**EXERCISE**
Pictures aside, can you reproduce the records word for word?

======== INFORMATION PROVIDED

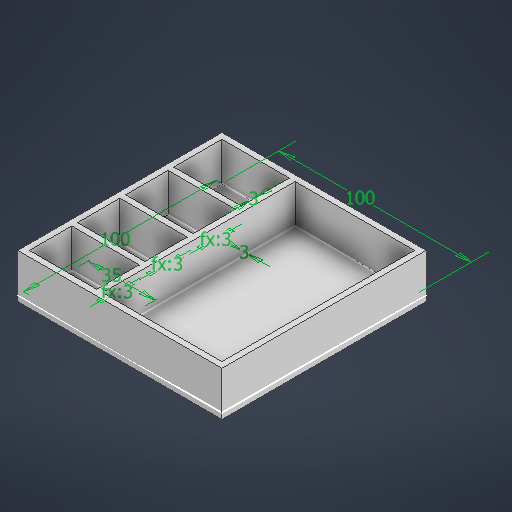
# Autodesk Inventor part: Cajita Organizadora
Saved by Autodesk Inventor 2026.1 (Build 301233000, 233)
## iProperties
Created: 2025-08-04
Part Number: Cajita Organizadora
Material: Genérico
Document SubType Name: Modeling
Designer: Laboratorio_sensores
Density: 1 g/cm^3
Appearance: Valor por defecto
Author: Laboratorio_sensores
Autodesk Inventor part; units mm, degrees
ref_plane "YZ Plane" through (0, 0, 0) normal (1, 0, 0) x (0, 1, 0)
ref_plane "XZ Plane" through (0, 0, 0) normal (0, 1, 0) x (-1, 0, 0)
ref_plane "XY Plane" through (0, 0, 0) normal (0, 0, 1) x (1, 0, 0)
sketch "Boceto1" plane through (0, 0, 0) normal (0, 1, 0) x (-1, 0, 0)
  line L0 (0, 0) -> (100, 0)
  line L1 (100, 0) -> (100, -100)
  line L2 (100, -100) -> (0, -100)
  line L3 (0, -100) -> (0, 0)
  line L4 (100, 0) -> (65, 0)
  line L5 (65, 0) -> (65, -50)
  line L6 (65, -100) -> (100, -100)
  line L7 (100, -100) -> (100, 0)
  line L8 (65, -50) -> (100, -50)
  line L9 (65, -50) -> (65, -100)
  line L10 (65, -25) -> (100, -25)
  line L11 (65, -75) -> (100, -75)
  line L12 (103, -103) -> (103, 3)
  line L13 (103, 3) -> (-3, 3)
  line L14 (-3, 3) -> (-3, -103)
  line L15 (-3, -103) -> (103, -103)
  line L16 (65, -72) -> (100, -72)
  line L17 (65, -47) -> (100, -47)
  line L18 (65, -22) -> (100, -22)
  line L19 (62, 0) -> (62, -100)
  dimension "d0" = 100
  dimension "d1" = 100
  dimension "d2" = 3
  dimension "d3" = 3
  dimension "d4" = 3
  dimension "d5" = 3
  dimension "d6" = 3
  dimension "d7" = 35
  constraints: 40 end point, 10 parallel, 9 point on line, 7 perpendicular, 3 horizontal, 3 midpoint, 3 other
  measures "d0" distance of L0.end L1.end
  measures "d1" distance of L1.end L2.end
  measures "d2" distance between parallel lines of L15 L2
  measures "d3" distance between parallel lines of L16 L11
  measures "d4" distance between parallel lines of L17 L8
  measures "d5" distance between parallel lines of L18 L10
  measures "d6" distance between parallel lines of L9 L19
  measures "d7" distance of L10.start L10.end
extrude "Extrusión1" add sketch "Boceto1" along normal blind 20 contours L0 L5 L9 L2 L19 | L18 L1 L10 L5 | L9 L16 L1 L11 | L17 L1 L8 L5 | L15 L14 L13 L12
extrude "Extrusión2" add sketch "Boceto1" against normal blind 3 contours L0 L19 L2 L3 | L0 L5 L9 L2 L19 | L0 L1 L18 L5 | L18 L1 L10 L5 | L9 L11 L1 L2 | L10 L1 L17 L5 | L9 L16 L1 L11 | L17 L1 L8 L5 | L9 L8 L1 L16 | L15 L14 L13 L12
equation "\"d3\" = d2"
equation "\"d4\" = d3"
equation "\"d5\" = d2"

================

**EXERCISE ANSWER**
# Autodesk Inventor part: Cajita Organizadora
Saved by Autodesk Inventor 2026.1 (Build 301233000, 233)
## iProperties
Created: 2025-08-04
Part Number: Cajita Organizadora
Material: Genérico
Document SubType Name: Modeling
Designer: Laboratorio_sensores
Density: 1 g/cm^3
Appearance: Valor por defecto
Author: Laboratorio_sensores
Autodesk Inventor part; units mm, degrees
ref_plane "YZ Plane" through (0, 0, 0) normal (1, 0, 0) x (0, 1, 0)
ref_plane "XZ Plane" through (0, 0, 0) normal (0, 1, 0) x (-1, 0, 0)
ref_plane "XY Plane" through (0, 0, 0) normal (0, 0, 1) x (1, 0, 0)
sketch "Boceto1" plane through (0, 0, 0) normal (0, 1, 0) x (-1, 0, 0)
  line L0 (0, 0) -> (100, 0)
  line L1 (100, 0) -> (100, -100)
  line L2 (100, -100) -> (0, -100)
  line L3 (0, -100) -> (0, 0)
  line L4 (100, 0) -> (65, 0)
  line L5 (65, 0) -> (65, -50)
  line L6 (65, -100) -> (100, -100)
  line L7 (100, -100) -> (100, 0)
  line L8 (65, -50) -> (100, -50)
  line L9 (65, -50) -> (65, -100)
  line L10 (65, -25) -> (100, -25)
  line L11 (65, -75) -> (100, -75)
  line L12 (103, -103) -> (103, 3)
  line L13 (103, 3) -> (-3, 3)
  line L14 (-3, 3) -> (-3, -103)
  line L15 (-3, -103) -> (103, -103)
  line L16 (65, -72) -> (100, -72)
  line L17 (65, -47) -> (100, -47)
  line L18 (65, -22) -> (100, -22)
  line L19 (62, 0) -> (62, -100)
  dimension "d0" = 100
  dimension "d1" = 100
  dimension "d2" = 3
  dimension "d3" = 3
  dimension "d4" = 3
  dimension "d5" = 3
  dimension "d6" = 3
  dimension "d7" = 35
  constraints: 40 end point, 10 parallel, 9 point on line, 7 perpendicular, 3 horizontal, 3 midpoint, 3 other
  measures "d0" distance of L0.end L1.end
  measures "d1" distance of L1.end L2.end
  measures "d2" distance between parallel lines of L15 L2
  measures "d3" distance between parallel lines of L16 L11
  measures "d4" distance between parallel lines of L17 L8
  measures "d5" distance between parallel lines of L18 L10
  measures "d6" distance between parallel lines of L9 L19
  measures "d7" distance of L10.start L10.end
extrude "Extrusión1" add sketch "Boceto1" along normal blind 20 contours L0 L5 L9 L2 L19 | L18 L1 L10 L5 | L9 L16 L1 L11 | L17 L1 L8 L5 | L15 L14 L13 L12
extrude "Extrusión2" add sketch "Boceto1" against normal blind 3 contours L0 L19 L2 L3 | L0 L5 L9 L2 L19 | L0 L1 L18 L5 | L18 L1 L10 L5 | L9 L11 L1 L2 | L10 L1 L17 L5 | L9 L16 L1 L11 | L17 L1 L8 L5 | L9 L8 L1 L16 | L15 L14 L13 L12
equation "\"d3\" = d2"
equation "\"d4\" = d3"
equation "\"d5\" = d2"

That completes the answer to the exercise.